PROBLEM STATEMENT:
Copy every line of the records below that holds the word "Fourier".

SOURCE INFORMATION:
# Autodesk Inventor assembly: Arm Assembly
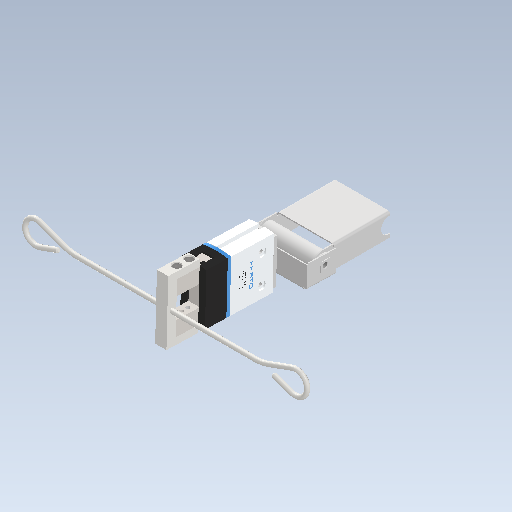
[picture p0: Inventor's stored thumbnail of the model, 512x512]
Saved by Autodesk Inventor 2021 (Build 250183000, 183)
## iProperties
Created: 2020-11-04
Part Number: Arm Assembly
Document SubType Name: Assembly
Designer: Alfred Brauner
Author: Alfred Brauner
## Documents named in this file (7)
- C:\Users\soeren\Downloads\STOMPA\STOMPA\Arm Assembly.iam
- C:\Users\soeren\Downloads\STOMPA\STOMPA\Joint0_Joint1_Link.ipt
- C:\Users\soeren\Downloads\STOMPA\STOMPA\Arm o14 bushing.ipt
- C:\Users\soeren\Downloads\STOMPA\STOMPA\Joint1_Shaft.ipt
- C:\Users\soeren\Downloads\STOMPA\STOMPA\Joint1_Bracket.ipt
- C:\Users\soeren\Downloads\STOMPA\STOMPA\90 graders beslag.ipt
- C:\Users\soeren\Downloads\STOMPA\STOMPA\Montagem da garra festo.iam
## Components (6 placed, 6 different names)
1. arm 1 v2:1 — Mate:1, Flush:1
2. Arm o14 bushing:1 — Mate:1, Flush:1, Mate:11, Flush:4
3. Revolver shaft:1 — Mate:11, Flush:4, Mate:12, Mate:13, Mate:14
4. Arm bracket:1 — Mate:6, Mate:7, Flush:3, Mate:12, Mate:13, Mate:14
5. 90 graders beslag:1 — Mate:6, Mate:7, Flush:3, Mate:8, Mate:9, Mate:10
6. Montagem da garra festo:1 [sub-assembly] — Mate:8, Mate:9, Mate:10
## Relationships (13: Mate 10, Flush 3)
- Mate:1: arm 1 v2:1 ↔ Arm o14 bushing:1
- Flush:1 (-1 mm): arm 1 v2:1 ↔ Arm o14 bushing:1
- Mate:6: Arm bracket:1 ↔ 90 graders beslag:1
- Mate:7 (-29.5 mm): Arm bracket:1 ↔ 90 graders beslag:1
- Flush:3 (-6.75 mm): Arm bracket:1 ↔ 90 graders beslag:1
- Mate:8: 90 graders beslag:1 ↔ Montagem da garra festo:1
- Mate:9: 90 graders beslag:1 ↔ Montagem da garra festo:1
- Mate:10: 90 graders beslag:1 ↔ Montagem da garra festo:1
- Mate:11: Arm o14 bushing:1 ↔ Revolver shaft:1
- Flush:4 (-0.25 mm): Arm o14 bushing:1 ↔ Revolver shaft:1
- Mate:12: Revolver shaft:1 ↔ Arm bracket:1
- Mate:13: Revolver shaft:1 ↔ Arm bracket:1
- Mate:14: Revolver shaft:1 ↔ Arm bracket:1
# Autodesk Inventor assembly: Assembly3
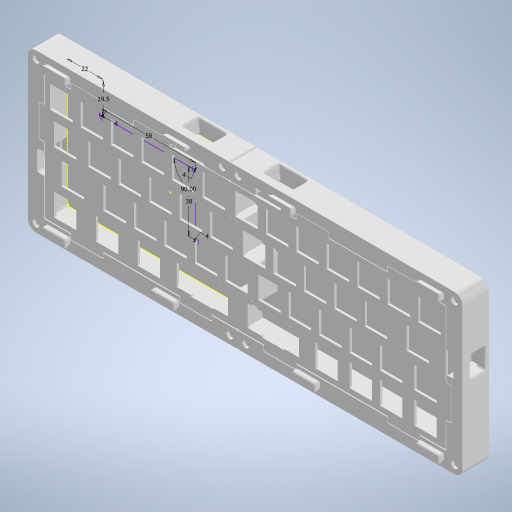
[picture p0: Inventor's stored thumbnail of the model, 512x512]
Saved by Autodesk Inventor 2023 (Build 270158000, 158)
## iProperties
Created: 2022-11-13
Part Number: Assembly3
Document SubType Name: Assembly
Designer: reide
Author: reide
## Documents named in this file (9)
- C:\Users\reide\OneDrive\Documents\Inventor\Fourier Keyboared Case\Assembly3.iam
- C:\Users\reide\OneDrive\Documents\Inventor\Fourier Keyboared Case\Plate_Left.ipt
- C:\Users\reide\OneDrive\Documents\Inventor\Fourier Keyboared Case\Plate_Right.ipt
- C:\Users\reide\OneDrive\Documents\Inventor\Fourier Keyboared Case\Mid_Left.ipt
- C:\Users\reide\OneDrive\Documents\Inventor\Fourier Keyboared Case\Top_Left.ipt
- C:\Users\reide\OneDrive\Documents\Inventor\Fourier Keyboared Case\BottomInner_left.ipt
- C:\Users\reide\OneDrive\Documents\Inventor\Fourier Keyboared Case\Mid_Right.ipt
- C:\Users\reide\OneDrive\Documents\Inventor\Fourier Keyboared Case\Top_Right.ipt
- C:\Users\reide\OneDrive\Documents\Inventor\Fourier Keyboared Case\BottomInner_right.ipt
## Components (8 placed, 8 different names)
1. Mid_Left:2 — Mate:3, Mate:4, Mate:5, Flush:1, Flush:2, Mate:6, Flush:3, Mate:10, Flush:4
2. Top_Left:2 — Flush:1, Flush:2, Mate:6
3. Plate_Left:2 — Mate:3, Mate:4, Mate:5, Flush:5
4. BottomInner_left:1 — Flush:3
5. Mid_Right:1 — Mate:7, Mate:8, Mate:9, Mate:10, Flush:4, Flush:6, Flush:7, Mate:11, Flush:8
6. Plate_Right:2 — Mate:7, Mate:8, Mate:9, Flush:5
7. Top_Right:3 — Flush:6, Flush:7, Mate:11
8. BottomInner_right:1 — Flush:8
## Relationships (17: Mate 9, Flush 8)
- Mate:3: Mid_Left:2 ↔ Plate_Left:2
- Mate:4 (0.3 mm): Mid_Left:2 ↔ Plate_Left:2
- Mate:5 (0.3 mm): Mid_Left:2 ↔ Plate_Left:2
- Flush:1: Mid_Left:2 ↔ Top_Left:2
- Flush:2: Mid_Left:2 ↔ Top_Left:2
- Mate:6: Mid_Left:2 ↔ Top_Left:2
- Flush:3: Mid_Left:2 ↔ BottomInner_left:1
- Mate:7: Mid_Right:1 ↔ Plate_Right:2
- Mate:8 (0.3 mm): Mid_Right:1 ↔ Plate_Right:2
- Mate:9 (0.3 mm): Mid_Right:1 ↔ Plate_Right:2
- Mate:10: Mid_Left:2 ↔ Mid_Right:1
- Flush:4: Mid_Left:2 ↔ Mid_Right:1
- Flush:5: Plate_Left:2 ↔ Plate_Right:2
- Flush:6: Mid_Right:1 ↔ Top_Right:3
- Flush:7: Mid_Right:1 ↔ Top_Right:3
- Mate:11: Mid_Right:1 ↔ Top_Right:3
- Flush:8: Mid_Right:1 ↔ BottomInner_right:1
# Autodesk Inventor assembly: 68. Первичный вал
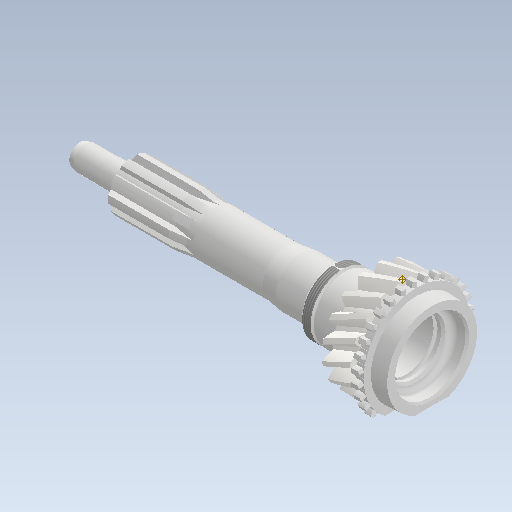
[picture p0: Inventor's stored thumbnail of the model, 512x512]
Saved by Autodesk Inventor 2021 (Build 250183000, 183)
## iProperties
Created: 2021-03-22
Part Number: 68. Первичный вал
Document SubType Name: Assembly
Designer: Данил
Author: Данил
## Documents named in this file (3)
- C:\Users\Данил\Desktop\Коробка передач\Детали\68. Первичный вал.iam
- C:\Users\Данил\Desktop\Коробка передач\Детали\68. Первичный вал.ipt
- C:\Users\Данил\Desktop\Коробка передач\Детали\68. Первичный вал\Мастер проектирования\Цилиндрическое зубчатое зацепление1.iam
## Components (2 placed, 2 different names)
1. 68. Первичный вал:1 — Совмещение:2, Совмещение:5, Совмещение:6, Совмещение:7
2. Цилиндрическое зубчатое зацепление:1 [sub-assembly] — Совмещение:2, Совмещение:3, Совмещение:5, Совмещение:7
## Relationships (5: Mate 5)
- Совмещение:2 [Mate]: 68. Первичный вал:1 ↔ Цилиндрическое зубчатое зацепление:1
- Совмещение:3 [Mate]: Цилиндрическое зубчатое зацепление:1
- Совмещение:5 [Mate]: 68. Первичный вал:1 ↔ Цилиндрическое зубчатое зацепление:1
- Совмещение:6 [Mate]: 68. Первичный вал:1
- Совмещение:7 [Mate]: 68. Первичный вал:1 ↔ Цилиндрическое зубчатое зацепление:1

EXERCISE SOLUTION:
- C:\Users\reide\OneDrive\Documents\Inventor\Fourier Keyboared Case\Assembly3.iam
- C:\Users\reide\OneDrive\Documents\Inventor\Fourier Keyboared Case\Plate_Left.ipt
- C:\Users\reide\OneDrive\Documents\Inventor\Fourier Keyboared Case\Plate_Right.ipt
- C:\Users\reide\OneDrive\Documents\Inventor\Fourier Keyboared Case\Mid_Left.ipt
- C:\Users\reide\OneDrive\Documents\Inventor\Fourier Keyboared Case\Top_Left.ipt
- C:\Users\reide\OneDrive\Documents\Inventor\Fourier Keyboared Case\BottomInner_left.ipt
- C:\Users\reide\OneDrive\Documents\Inventor\Fourier Keyboared Case\Mid_Right.ipt
- C:\Users\reide\OneDrive\Documents\Inventor\Fourier Keyboared Case\Top_Right.ipt
- C:\Users\reide\OneDrive\Documents\Inventor\Fourier Keyboared Case\BottomInner_right.ipt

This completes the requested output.